Furthermore, the content of active ingredients varies every year even if you pluck the herbs at the same place. As I produce my basic substances and concentrates only for reasons of taste, history and culture and not for therapeutical reasons I don't analyse the content of active ingredients. That's why I can only estimate the figures for the necessary degree of dilution and the dilution multiplier is always very high for safety reasons. I kindly ask you to comply with these instructions in order to avoid undesirable side effects.

Ritual products

As it is known to people interested in medieval times and fantasy that I collected some historical information concerning herbs, etc and their use on the occasion of rituals in the past they often asked me if I can make the necessary ritual products. Well, I can. As I already have some experience with this kind of products I call myself "small-time shaman" and I can also explain the use of these products for different rituals. Some of the spices and herbs are so strong that pharmaceutical law forbids their external and internal use. This means that it is strictly forbidden to drink them or to rub your body with them, they are only for ritual acts and in this case I am allowed to make and sell them and you are allowed to buy them. If you are interested in ritual products like liquids, ointment, oils or incense please talk to me as well.

I make all my ritual products only for ritual acts and not for external or internal use!

Please bear in mind that I am cook for dietary foods and no pharmacist. I produce all my beverages only for the wonderful taste and/or for preservation of traditional flavouring methods and not - as you maybe think - for a particular effect except for the effect of the alcohol! However, if you recognise one or other side effect I kindly ask for your understanding. The people in medieval times also enjoyed these effects.

In case you would like to produce beverages yourself I sell the necessary accessories, I offer a course in which I show you how the correct processing method and I back you up in word and deed.

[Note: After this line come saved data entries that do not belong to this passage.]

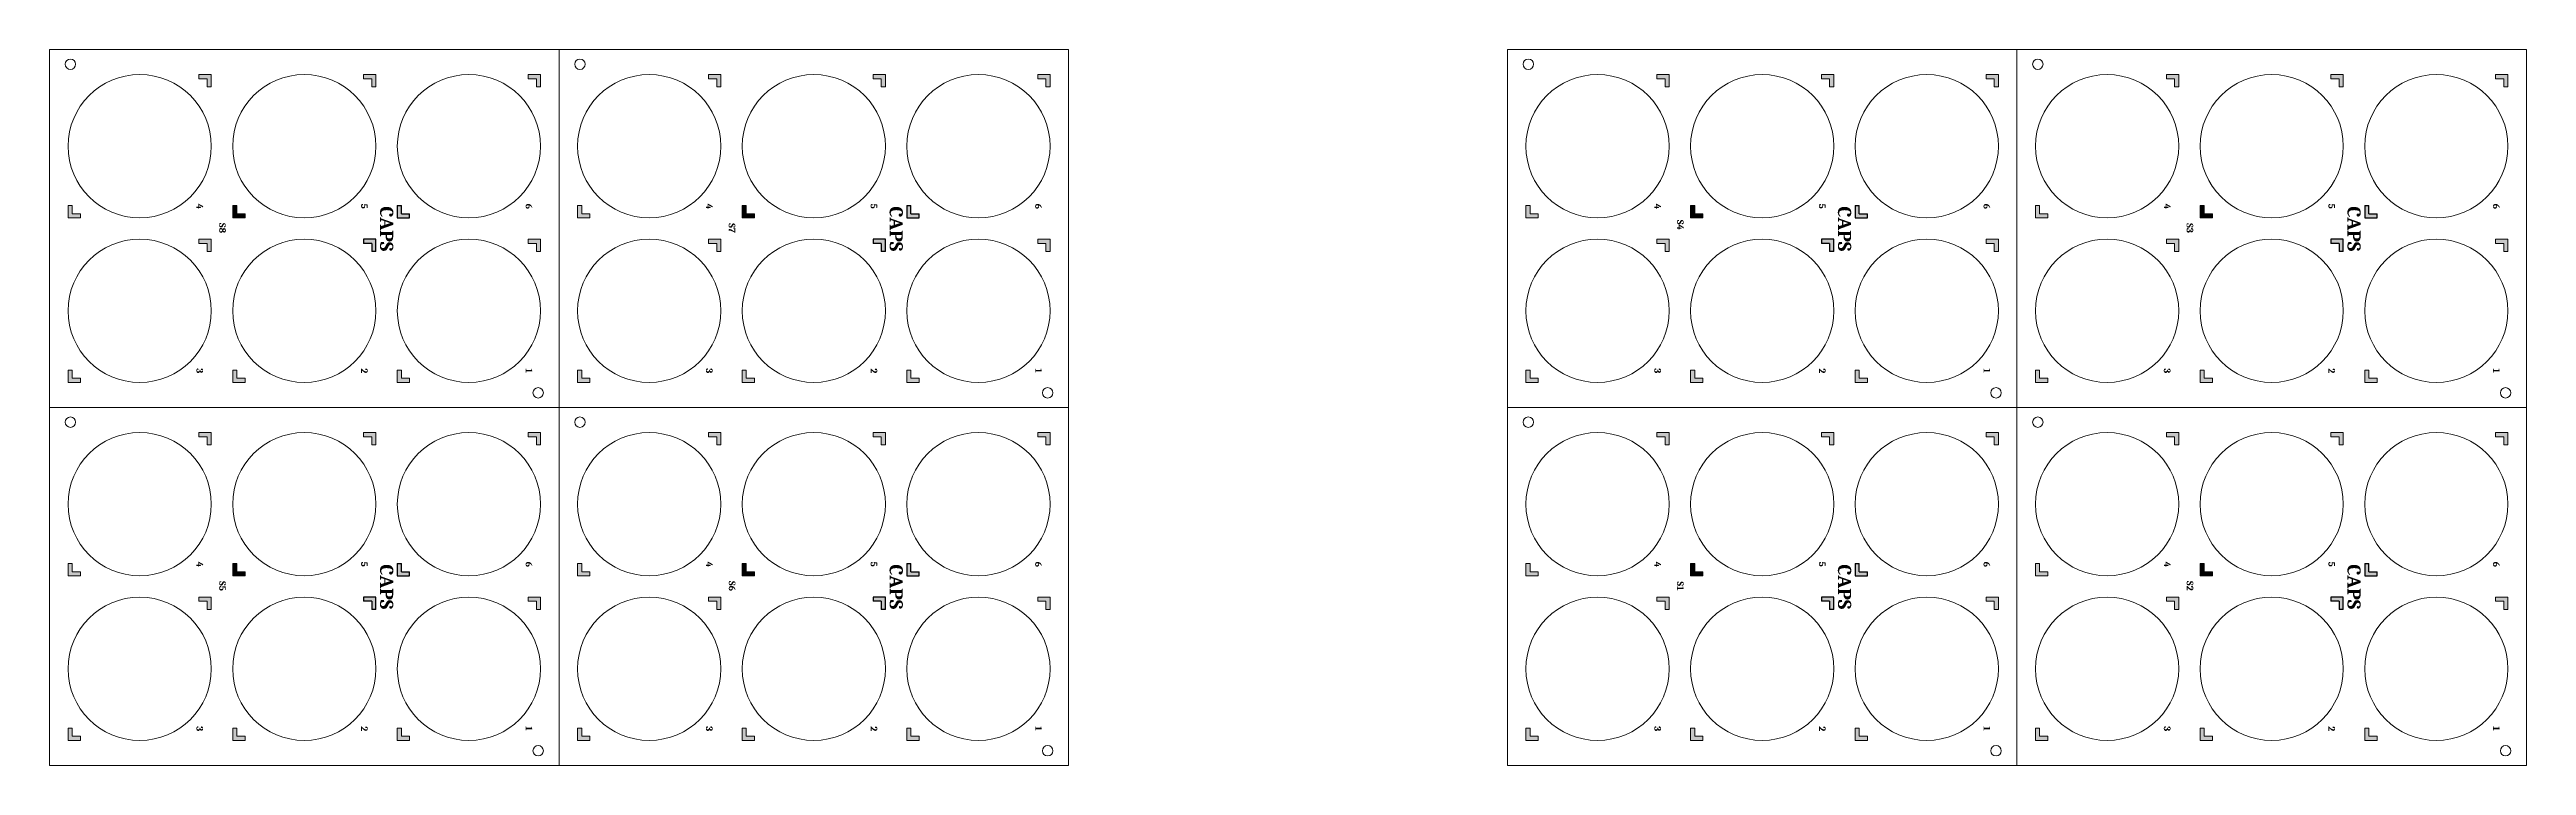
# Model space of a CAD drawing. Header units: centimetres. Extents: x -45.4 to 22.9, y -50.8 to 6.9.
# Drawn here: x -45.4 to 13.9, y -10.2 to 6.9 of the extents above; entities outside this region: 1.
import ezdxf

# ---------------------------------------------------------------- set-up
doc = ezdxf.new("R2010")
doc.units = ezdxf.units.CM
doc.header["$MEASUREMENT"] = 0
for name, color, linetype, lineweight in [('cuts', 6, 'Continuous', 0), ('final cut', 4, 'Continuous', 0), ('peghole_cut', 6, 'Continuous', 0), ('Raster Engraving - light', 1, 'Continuous', 13)]:
    doc.layers.add(name, color=color, linetype=linetype, lineweight=lineweight)
doc.layers.add('engrave', color=10, linetype='Continuous')

msp = doc.modelspace()

# ---------------------------------------------------------------- hatches: boundary and pattern name
at = {"layer": 'Raster Engraving - light'}
h = msp.add_hatch(color=256, dxfattribs=at)
h.dxf.hatch_style = 1
h.paths.add_polyline_path([(-33.64, 2.376), (-33.935, 2.376), (-33.935, 2.278), (-33.738, 2.278), (-33.738, 2.081), (-33.64, 2.081)])
h.paths.add_polyline_path([(-33.64, 6.314), (-33.935, 6.314), (-33.935, 6.215), (-33.738, 6.215), (-33.738, 6.018), (-33.64, 6.018)])
h.paths.add_polyline_path([(-37.577, 6.314), (-37.873, 6.314), (-37.873, 6.215), (-37.676, 6.215), (-37.676, 6.018), (-37.577, 6.018)])
h.paths.add_polyline_path([(-41.515, 6.314), (-41.81, 6.314), (-41.81, 6.215), (-41.613, 6.215), (-41.613, 6.018), (-41.515, 6.018)])
h = msp.add_hatch(color=256, dxfattribs=at)
h.dxf.hatch_style = 1
h.paths.add_polyline_path([(-21.452, 2.376), (-21.748, 2.376), (-21.748, 2.278), (-21.551, 2.278), (-21.551, 2.081), (-21.452, 2.081)])
h.paths.add_polyline_path([(-21.452, 6.314), (-21.748, 6.314), (-21.748, 6.215), (-21.551, 6.215), (-21.551, 6.018), (-21.452, 6.018)])
h.paths.add_polyline_path([(-25.39, 6.314), (-25.685, 6.314), (-25.685, 6.215), (-25.488, 6.215), (-25.488, 6.018), (-25.39, 6.018)])
h.paths.add_polyline_path([(-29.327, 6.314), (-29.623, 6.314), (-29.623, 6.215), (-29.426, 6.215), (-29.426, 6.018), (-29.327, 6.018)])
h = msp.add_hatch(color=256, dxfattribs=at)
h.dxf.hatch_style = 1
h.paths.add_polyline_path([(1.232, 2.376), (0.937, 2.376), (0.937, 2.278), (1.133, 2.278), (1.133, 2.081), (1.232, 2.081)])
h.paths.add_polyline_path([(1.232, 6.314), (0.937, 6.314), (0.937, 6.215), (1.133, 6.215), (1.133, 6.018), (1.232, 6.018)])
h.paths.add_polyline_path([(-2.706, 6.314), (-3.001, 6.314), (-3.001, 6.215), (-2.804, 6.215), (-2.804, 6.018), (-2.706, 6.018)])
h.paths.add_polyline_path([(-6.643, 6.314), (-6.938, 6.314), (-6.938, 6.215), (-6.742, 6.215), (-6.742, 6.018), (-6.643, 6.018)])
h = msp.add_hatch(color=256, dxfattribs=at)
h.dxf.hatch_style = 1
h.paths.add_polyline_path([(13.419, 2.376), (13.124, 2.376), (13.124, 2.278), (13.321, 2.278), (13.321, 2.081), (13.419, 2.081)])
h.paths.add_polyline_path([(13.419, 6.314), (13.124, 6.314), (13.124, 6.215), (13.321, 6.215), (13.321, 6.018), (13.419, 6.018)])
h.paths.add_polyline_path([(9.482, 6.314), (9.187, 6.314), (9.187, 6.215), (9.383, 6.215), (9.383, 6.018), (9.482, 6.018)])
h.paths.add_polyline_path([(5.544, 6.314), (5.249, 6.314), (5.249, 6.215), (5.446, 6.215), (5.446, 6.018), (5.544, 6.018)])
h = msp.add_hatch(color=256, dxfattribs=at)
h.dxf.hatch_style = 1
h.paths.add_polyline_path([(-44.645, 2.987), (-44.842, 2.987), (-44.842, 3.184), (-44.94, 3.184), (-44.94, 2.889), (-44.645, 2.889)])
h.paths.add_polyline_path([(-44.645, -0.951), (-44.842, -0.951), (-44.842, -0.754), (-44.94, -0.754), (-44.94, -1.049), (-44.645, -1.049)])
h.paths.add_polyline_path([(-41.515, 2.376), (-41.81, 2.376), (-41.81, 2.278), (-41.613, 2.278), (-41.613, 2.081), (-41.515, 2.081)])
h.paths.add_polyline_path([(-40.707, -0.951), (-40.904, -0.951), (-40.904, -0.754), (-41.002, -0.754), (-41.002, -1.049), (-40.707, -1.049)])
h.paths.add_polyline_path([(-36.77, -0.951), (-36.967, -0.951), (-36.967, -0.754), (-37.065, -0.754), (-37.065, -1.049), (-36.77, -1.049)])
h = msp.add_hatch(color=256, dxfattribs=at)
h.dxf.hatch_style = 1
h.paths.add_polyline_path([(-40.904, 3.184), (-41.002, 3.184), (-41.002, 2.889), (-40.707, 2.889), (-40.707, 2.987), (-40.904, 2.987)])
h = msp.add_hatch(color=256, dxfattribs=at)
h.dxf.hatch_style = 1
h.paths.add_polyline_path([(-36.77, 2.987), (-36.967, 2.987), (-36.967, 3.184), (-37.065, 3.184), (-37.065, 2.889), (-36.77, 2.889)])
h.paths.add_polyline_path([(-37.577, 2.376), (-37.873, 2.376), (-37.873, 2.278), (-37.676, 2.278), (-37.676, 2.081), (-37.577, 2.081)])
h = msp.add_hatch(color=256, dxfattribs=at)
h.dxf.hatch_style = 1
h.paths.add_polyline_path([(-32.457, 2.987), (-32.654, 2.987), (-32.654, 3.184), (-32.752, 3.184), (-32.752, 2.889), (-32.457, 2.889)])
h.paths.add_polyline_path([(-32.457, -0.951), (-32.654, -0.951), (-32.654, -0.754), (-32.752, -0.754), (-32.752, -1.049), (-32.457, -1.049)])
h.paths.add_polyline_path([(-29.327, 2.376), (-29.623, 2.376), (-29.623, 2.278), (-29.426, 2.278), (-29.426, 2.081), (-29.327, 2.081)])
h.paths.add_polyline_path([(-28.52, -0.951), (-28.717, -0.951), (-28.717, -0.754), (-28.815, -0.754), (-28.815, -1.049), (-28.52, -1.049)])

If you bring your own fruits I will produce juice, syrup, jelly, jam, wine, sparkling wine, liqueur, herbal liqueur or vinegar of it. If you bring your own containers, especially when they are made of glass, I assume no responsibility for breakage safety and sterility.

If you need demijohns for your party it will cost you € 2,00 to € 5,00 per day depending on kind and size and furthermore a security guarantee of € 75,00 to € 125,00.